Yes—open-source alternatives like Jellyfin run entirely on your own hardware, giving you complete control over your media server without cloud dependency. You own the infrastructure, the data, and the access rules, eliminating the need to trust a third party with your library or pay for remote access privileges.

What's the privacy difference between Plex and open-source media servers?

Open-source servers like Jellyfin have no corporate incentive to collect user data or experience breaches of account credentials. With self-hosted alternatives, your viewing history, metadata requests, and library contents stay on your own network—not transmitted to external servers or vulnerable to corporate data incidents.

Do open-source media servers support mobile and desktop sync clients?

Jellyfin offers official mobile apps for iOS and Android, plus desktop clients for Windows and Linux, all free and without paywalls for core features. Community-built clients are also available, giving you flexibility to choose how you access your library across devices.

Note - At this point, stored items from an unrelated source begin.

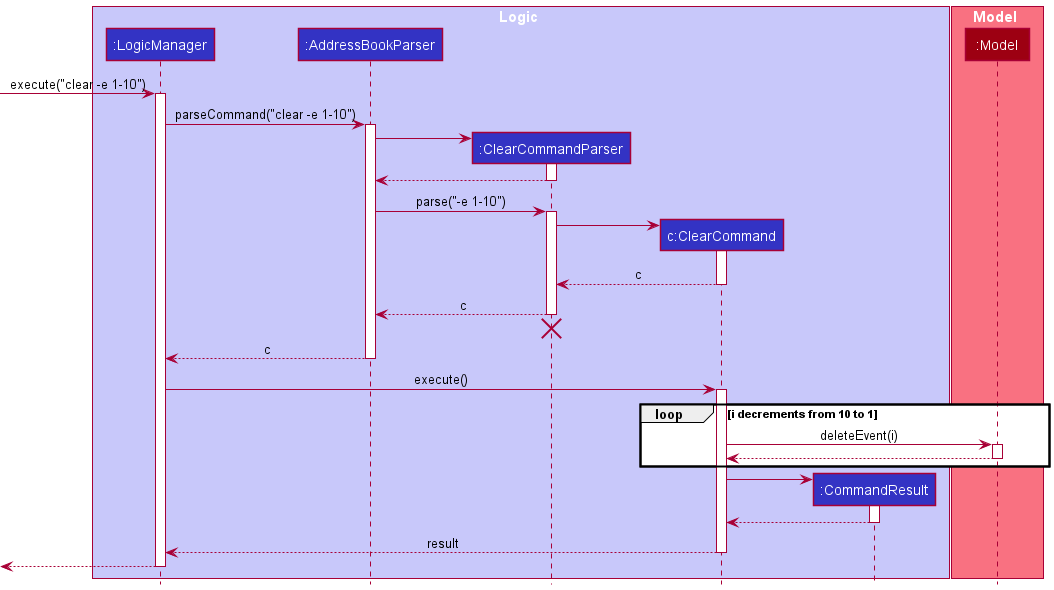

The diagram above was rendered by PlantUML. Its source (embedded in the PNG):
@startuml
!include style.puml

box Logic LOGIC_COLOR_T1
participant ":LogicManager" as LogicManager LOGIC_COLOR
participant ":AddressBookParser" as AddressBookParser LOGIC_COLOR
participant ":ClearCommandParser" as ClearCommandParser LOGIC_COLOR
participant "c:ClearCommand" as ClearCommand LOGIC_COLOR
participant ":CommandResult" as CommandResult LOGIC_COLOR
end box

box Model MODEL_COLOR_T1
participant ":Model" as Model MODEL_COLOR
end box

[-> LogicManager : execute("clear -e 1-10")
activate LogicManager

LogicManager -> AddressBookParser : parseCommand("clear -e 1-10")
activate AddressBookParser

create ClearCommandParser
AddressBookParser -> ClearCommandParser
activate ClearCommandParser

ClearCommandParser --> AddressBookParser
deactivate ClearCommandParser

AddressBookParser -> ClearCommandParser : parse("-e 1-10")
activate ClearCommandParser

create ClearCommand
ClearCommandParser -> ClearCommand
activate ClearCommand

ClearCommand --> ClearCommandParser : c
deactivate ClearCommand

ClearCommandParser --> AddressBookParser : c
deactivate ClearCommandParser
'Hidden arrow to position the destroy marker below the end of the activation bar.
ClearCommandParser -[hidden]-> AddressBookParser
destroy ClearCommandParser

AddressBookParser --> LogicManager : c
deactivate AddressBookParser

LogicManager -> ClearCommand : execute()
activate ClearCommand

loop i decrements from 10 to 1
    ClearCommand -> Model : deleteEvent(i)
    activate Model
Model --> ClearCommand
deactivate Model
end
create CommandResult
ClearCommand -> CommandResult
activate CommandResult

CommandResult --> ClearCommand
deactivate CommandResult

ClearCommand --> LogicManager : result
deactivate ClearCommand

[<--LogicManager
deactivate LogicManager
@enduml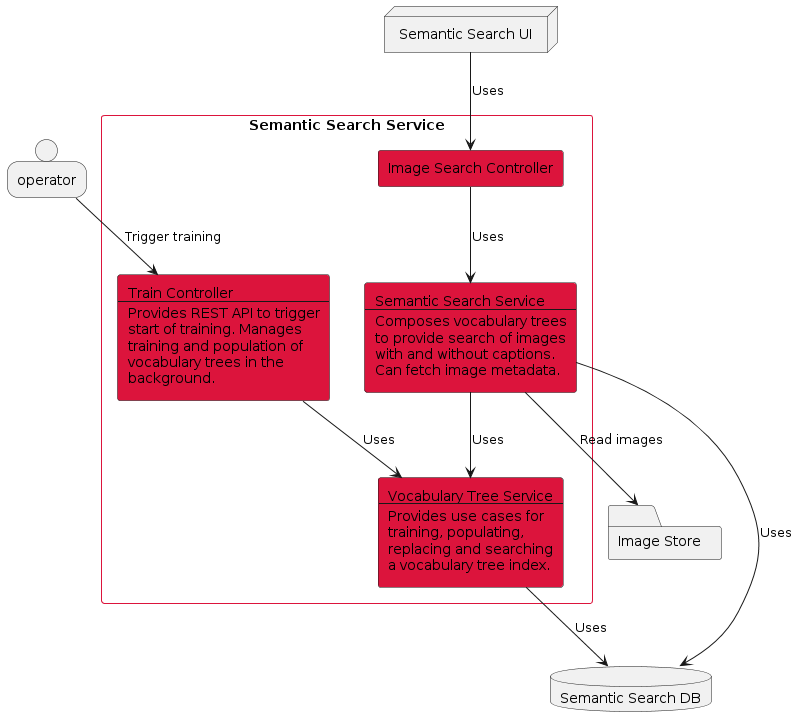

The diagram above was rendered by PlantUML. Its source (embedded in the PNG):
@startuml
person operator

node SemSearchUI [
    Semantic Search UI
]

folder ImageStore as "Image Store"

database SemSearchDB [
    Semantic Search DB
]

rectangle SemanticSearchSvc as "Semantic Search Service" #line:crimson {
    rectangle VocTreeSvc #crimson [
        Vocabulary Tree Service
        ---
        Provides use cases for
        training, populating,
        replacing and searching
        a vocabulary tree index.
    ]
    rectangle SemSearchSvc #crimson [
        Semantic Search Service
        ---
        Composes vocabulary trees
        to provide search of images
        with and without captions.
        Can fetch image metadata.
    ]
    rectangle TrainController #crimson [
        Train Controller
        ---
        Provides REST API to trigger
        start of training. Manages 
        training and population of 
        vocabulary trees in the
        background.
    ]
    rectangle ImageSearchController as "Image Search Controller" #crimson

    SemSearchSvc --> VocTreeSvc: Uses
    SemSearchSvc --> SemSearchDB: Uses
    VocTreeSvc --> SemSearchDB: Uses
    
    TrainController --> VocTreeSvc: Uses
    ImageSearchController --> SemSearchSvc: Uses
    operator --> TrainController: Trigger training
    
    SemSearchSvc --> ImageStore: Read images

    SemSearchUI --> ImageSearchController: Uses
}
@enduml

Can I migrate my existing Plex library to an open-source alternative?

Yes—your media files themselves are portable and can be moved directly to Jellyfin or other open-source servers. Metadata and watch history may require manual setup or third-party tools, but your actual media collection transfers without vendor lock-in.

Are there storage limits with open-source media servers?

Open-source servers like Jellyfin have no built-in storage caps—your limit is the disk space you own or rent independently. This contrasts sharply with cloud-dependent services that may throttle or charge based on library size.

Why are Plex's recent pricing changes pushing users toward open-source alternatives?

Plex has significantly raised prices on lifetime passes and, more critically, now requires paid subscriptions just to stream your own personal media remotely—a feature that was previously free. For users who want to own their media outright without recurring fees or remote-access paywalls, self-hosted open-source servers eliminate both the cost and the principle of paying to access content you already own.